_TASK STATEMENT:_ Where does the string "included" appear in the records? Copy every line that contains it.

_RECORDS FOR THIS EXERCISE:_
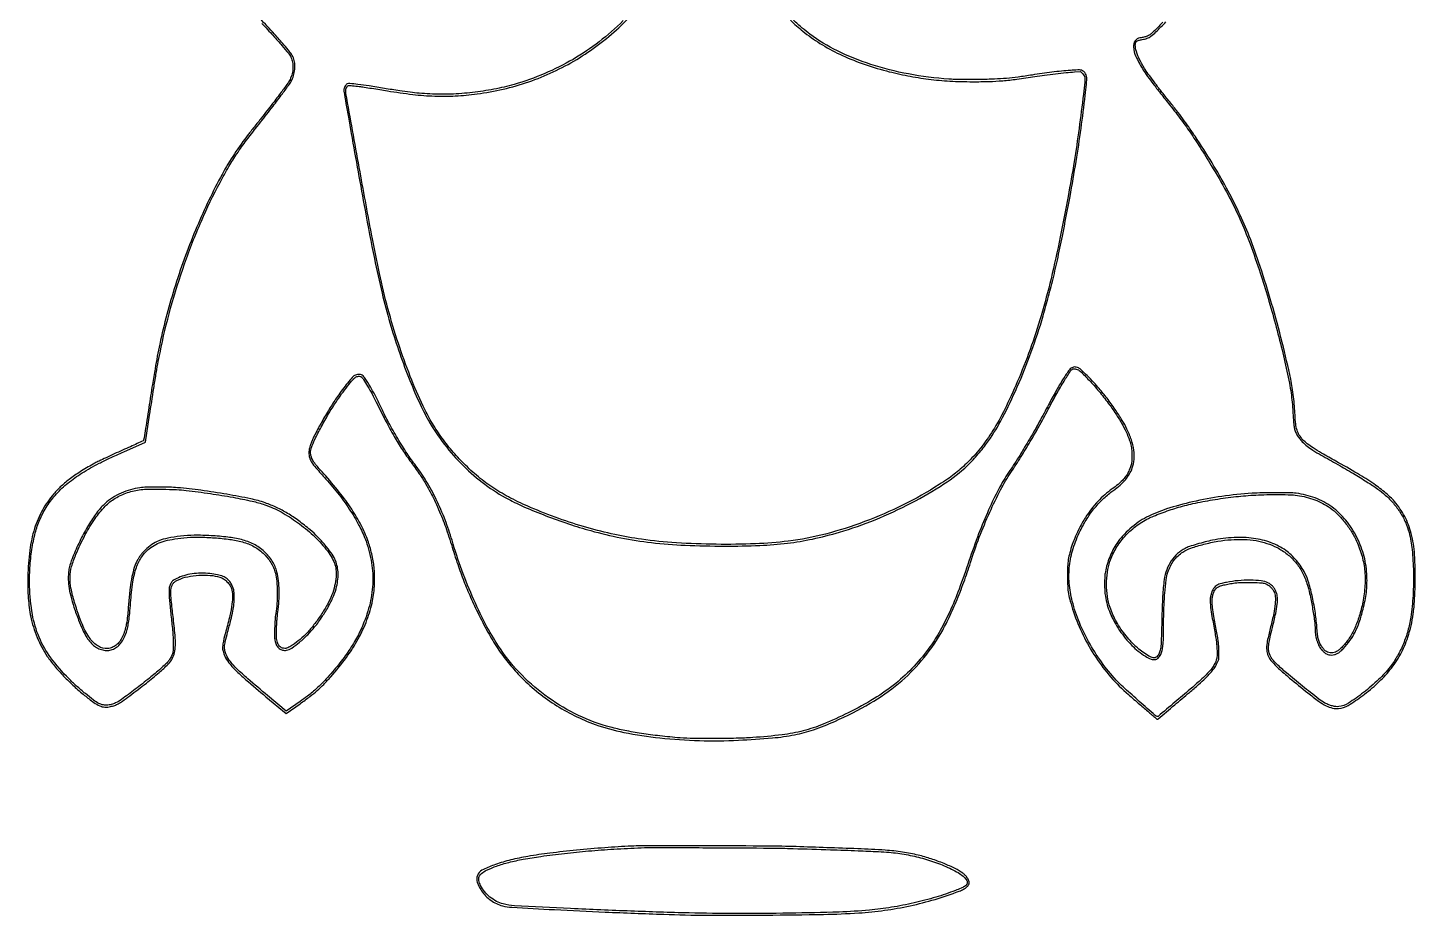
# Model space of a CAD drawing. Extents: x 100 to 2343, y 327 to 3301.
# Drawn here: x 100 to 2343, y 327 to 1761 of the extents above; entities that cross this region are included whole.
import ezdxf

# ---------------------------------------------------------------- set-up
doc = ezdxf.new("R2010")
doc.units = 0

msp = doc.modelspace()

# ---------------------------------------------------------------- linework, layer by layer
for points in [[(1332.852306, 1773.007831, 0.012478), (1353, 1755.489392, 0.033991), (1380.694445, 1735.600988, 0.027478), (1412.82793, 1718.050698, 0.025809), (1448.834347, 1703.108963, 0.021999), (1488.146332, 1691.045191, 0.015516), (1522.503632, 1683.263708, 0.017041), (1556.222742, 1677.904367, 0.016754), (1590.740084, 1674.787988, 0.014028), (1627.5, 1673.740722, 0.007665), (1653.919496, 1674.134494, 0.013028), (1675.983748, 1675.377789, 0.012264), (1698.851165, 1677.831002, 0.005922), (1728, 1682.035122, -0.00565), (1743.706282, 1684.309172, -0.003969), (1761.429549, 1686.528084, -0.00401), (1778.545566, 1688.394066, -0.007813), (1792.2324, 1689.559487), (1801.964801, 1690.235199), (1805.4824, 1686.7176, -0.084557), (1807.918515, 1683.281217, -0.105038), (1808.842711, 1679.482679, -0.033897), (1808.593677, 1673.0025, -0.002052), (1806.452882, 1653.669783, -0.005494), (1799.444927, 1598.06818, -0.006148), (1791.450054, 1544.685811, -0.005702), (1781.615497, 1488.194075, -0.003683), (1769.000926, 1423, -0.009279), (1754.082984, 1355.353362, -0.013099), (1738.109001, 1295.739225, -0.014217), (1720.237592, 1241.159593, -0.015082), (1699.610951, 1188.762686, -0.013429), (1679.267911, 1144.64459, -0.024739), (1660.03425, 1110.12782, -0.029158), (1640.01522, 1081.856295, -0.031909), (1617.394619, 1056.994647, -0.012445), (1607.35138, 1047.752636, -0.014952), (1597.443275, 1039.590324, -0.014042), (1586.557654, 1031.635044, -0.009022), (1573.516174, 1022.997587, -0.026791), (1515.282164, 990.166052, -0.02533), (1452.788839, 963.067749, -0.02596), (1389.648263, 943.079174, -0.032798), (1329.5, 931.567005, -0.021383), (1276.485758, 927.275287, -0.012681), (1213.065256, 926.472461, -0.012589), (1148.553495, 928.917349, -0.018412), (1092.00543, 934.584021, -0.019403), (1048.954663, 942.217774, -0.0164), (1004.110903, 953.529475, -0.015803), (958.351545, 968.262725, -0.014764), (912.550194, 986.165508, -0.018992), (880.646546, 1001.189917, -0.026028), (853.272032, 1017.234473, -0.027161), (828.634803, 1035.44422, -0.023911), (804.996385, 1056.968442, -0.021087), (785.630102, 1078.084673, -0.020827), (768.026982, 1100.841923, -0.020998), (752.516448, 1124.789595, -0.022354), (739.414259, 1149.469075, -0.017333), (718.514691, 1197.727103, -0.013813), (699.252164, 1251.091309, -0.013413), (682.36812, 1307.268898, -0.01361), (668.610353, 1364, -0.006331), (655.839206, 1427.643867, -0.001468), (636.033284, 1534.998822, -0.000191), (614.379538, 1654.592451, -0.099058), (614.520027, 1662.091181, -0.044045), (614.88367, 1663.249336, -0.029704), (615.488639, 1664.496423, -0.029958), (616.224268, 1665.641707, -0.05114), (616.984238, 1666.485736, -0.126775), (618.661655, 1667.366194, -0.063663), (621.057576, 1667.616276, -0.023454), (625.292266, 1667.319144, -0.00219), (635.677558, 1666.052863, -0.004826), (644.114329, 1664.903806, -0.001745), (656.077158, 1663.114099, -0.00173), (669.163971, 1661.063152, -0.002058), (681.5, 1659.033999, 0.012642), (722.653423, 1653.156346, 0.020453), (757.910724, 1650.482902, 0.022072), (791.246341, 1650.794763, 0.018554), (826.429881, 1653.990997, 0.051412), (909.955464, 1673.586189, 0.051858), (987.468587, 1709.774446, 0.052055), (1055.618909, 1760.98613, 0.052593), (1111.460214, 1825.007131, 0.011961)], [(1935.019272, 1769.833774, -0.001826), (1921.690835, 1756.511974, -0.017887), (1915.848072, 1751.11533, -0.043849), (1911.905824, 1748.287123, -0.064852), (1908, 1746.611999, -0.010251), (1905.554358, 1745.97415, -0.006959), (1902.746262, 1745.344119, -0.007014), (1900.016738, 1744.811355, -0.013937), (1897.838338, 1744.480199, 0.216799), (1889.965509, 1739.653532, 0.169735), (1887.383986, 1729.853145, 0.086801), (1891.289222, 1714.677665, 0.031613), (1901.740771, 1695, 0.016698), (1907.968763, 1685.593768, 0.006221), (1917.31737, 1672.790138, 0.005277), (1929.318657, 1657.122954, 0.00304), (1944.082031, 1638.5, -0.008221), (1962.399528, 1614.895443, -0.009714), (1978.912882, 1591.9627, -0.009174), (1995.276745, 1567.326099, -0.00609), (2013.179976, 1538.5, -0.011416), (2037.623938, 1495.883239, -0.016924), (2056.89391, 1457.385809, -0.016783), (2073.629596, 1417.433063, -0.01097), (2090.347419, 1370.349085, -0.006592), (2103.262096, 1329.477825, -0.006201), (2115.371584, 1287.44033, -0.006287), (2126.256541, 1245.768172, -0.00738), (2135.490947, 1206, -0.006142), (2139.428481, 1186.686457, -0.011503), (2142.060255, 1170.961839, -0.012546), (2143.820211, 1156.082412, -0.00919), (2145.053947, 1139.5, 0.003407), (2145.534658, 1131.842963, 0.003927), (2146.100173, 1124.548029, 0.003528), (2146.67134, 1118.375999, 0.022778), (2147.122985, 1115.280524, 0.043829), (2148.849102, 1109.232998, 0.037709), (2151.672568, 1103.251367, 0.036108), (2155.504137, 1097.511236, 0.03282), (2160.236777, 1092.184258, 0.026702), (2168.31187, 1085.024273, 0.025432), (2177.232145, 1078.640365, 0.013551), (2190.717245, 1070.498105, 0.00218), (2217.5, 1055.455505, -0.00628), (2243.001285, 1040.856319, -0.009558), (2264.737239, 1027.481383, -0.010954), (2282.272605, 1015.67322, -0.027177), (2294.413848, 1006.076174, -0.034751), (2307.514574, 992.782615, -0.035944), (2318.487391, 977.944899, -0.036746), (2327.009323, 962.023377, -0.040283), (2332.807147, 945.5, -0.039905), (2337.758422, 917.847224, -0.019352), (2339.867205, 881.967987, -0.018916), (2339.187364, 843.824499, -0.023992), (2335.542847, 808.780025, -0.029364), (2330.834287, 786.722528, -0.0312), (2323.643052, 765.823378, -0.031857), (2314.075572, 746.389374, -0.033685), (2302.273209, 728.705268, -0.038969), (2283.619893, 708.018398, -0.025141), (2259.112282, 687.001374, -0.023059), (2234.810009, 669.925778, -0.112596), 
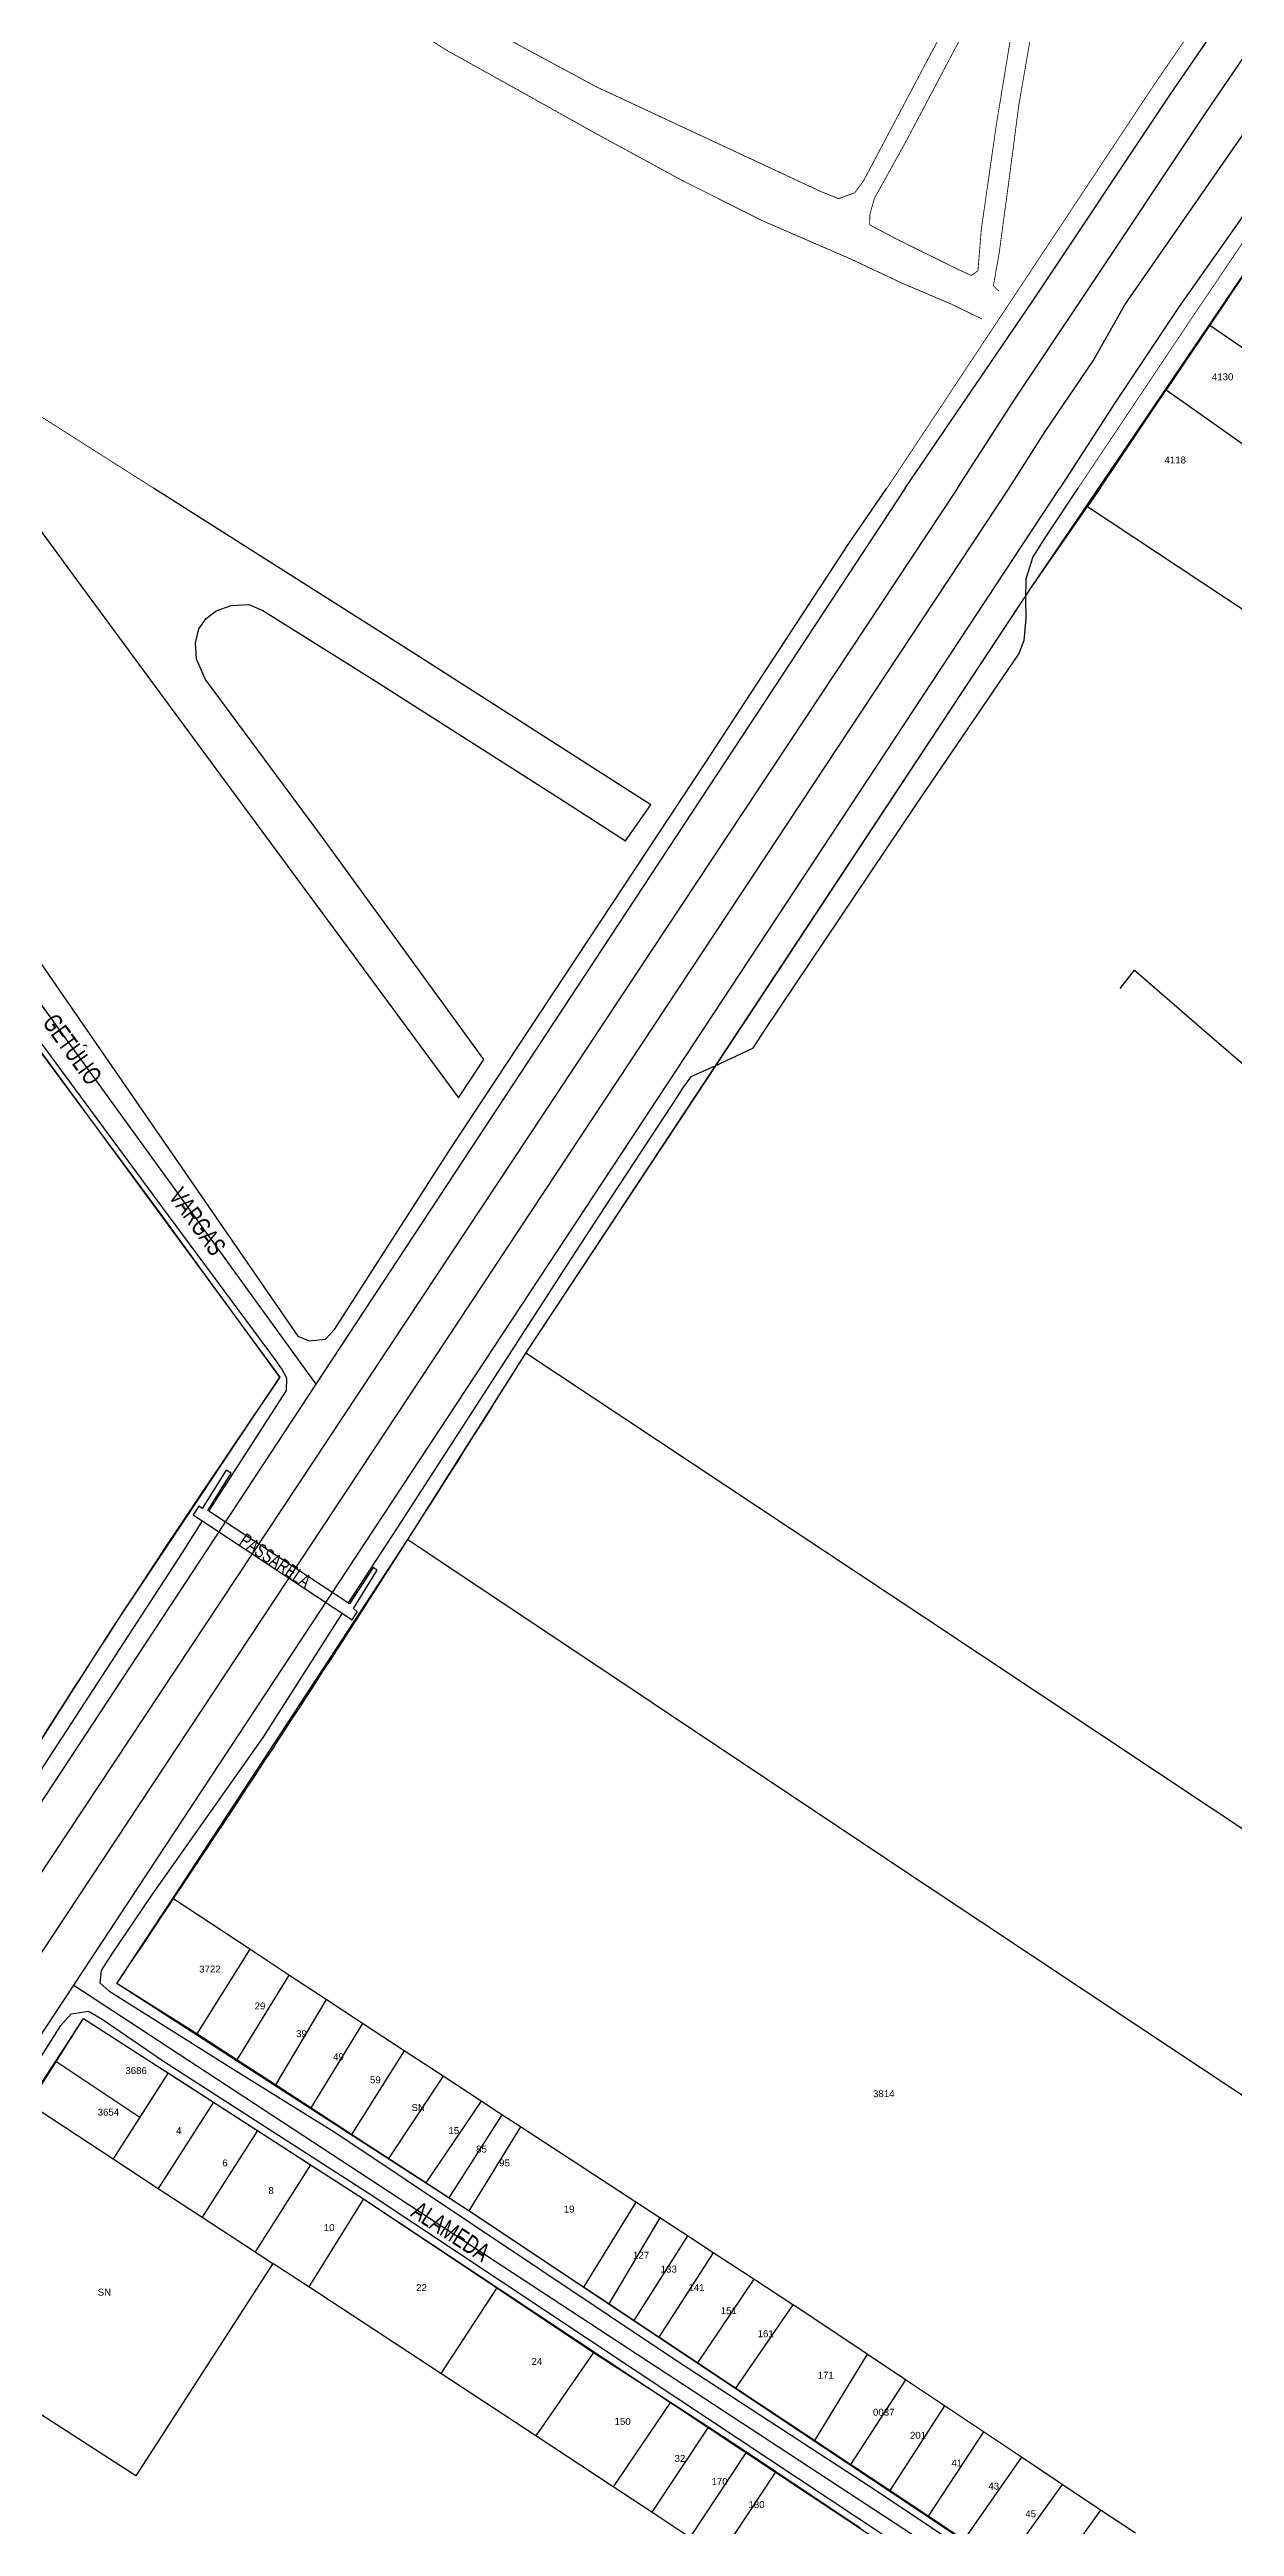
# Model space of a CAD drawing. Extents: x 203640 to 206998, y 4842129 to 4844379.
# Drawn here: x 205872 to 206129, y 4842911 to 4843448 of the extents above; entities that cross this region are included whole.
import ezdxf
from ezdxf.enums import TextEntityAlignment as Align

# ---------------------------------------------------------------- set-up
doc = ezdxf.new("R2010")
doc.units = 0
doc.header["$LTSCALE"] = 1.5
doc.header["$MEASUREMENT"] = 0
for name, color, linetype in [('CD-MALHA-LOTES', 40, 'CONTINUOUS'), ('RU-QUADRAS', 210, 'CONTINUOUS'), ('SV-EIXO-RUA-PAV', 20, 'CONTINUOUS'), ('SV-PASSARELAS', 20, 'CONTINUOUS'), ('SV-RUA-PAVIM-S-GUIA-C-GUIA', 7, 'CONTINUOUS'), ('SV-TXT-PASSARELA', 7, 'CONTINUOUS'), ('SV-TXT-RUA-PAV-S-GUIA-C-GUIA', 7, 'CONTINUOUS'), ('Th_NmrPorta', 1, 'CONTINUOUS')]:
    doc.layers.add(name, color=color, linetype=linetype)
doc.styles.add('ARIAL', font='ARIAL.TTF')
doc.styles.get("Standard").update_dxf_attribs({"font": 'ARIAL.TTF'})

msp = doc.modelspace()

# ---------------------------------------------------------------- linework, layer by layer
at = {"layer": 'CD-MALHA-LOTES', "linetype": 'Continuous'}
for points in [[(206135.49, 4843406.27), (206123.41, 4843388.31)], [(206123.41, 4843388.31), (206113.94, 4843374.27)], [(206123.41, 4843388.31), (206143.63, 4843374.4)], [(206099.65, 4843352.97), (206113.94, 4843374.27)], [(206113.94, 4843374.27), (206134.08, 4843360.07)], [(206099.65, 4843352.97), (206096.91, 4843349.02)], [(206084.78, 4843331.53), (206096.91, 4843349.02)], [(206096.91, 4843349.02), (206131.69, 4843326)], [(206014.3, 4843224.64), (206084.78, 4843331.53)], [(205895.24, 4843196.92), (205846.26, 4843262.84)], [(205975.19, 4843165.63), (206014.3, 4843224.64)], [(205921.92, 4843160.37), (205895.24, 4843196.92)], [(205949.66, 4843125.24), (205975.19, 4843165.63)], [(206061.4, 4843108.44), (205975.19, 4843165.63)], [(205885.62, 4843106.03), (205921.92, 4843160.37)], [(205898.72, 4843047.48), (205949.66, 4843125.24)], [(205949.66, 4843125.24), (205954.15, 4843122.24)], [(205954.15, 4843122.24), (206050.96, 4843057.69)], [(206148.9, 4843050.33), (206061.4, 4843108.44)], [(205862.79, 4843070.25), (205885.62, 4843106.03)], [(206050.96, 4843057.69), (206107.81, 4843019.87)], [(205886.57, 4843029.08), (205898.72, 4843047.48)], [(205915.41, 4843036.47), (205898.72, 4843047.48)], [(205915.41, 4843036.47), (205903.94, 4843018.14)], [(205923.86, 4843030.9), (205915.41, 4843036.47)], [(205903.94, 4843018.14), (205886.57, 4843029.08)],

_WRITTEN REPLY:_
# Drawn here: x 100 to 2343, y 327 to 1761 of the extents above; entities that cross this region are included whole.
# Drawn here: x 205872 to 206129, y 4842911 to 4843448 of the extents above; entities that cross this region are included whole.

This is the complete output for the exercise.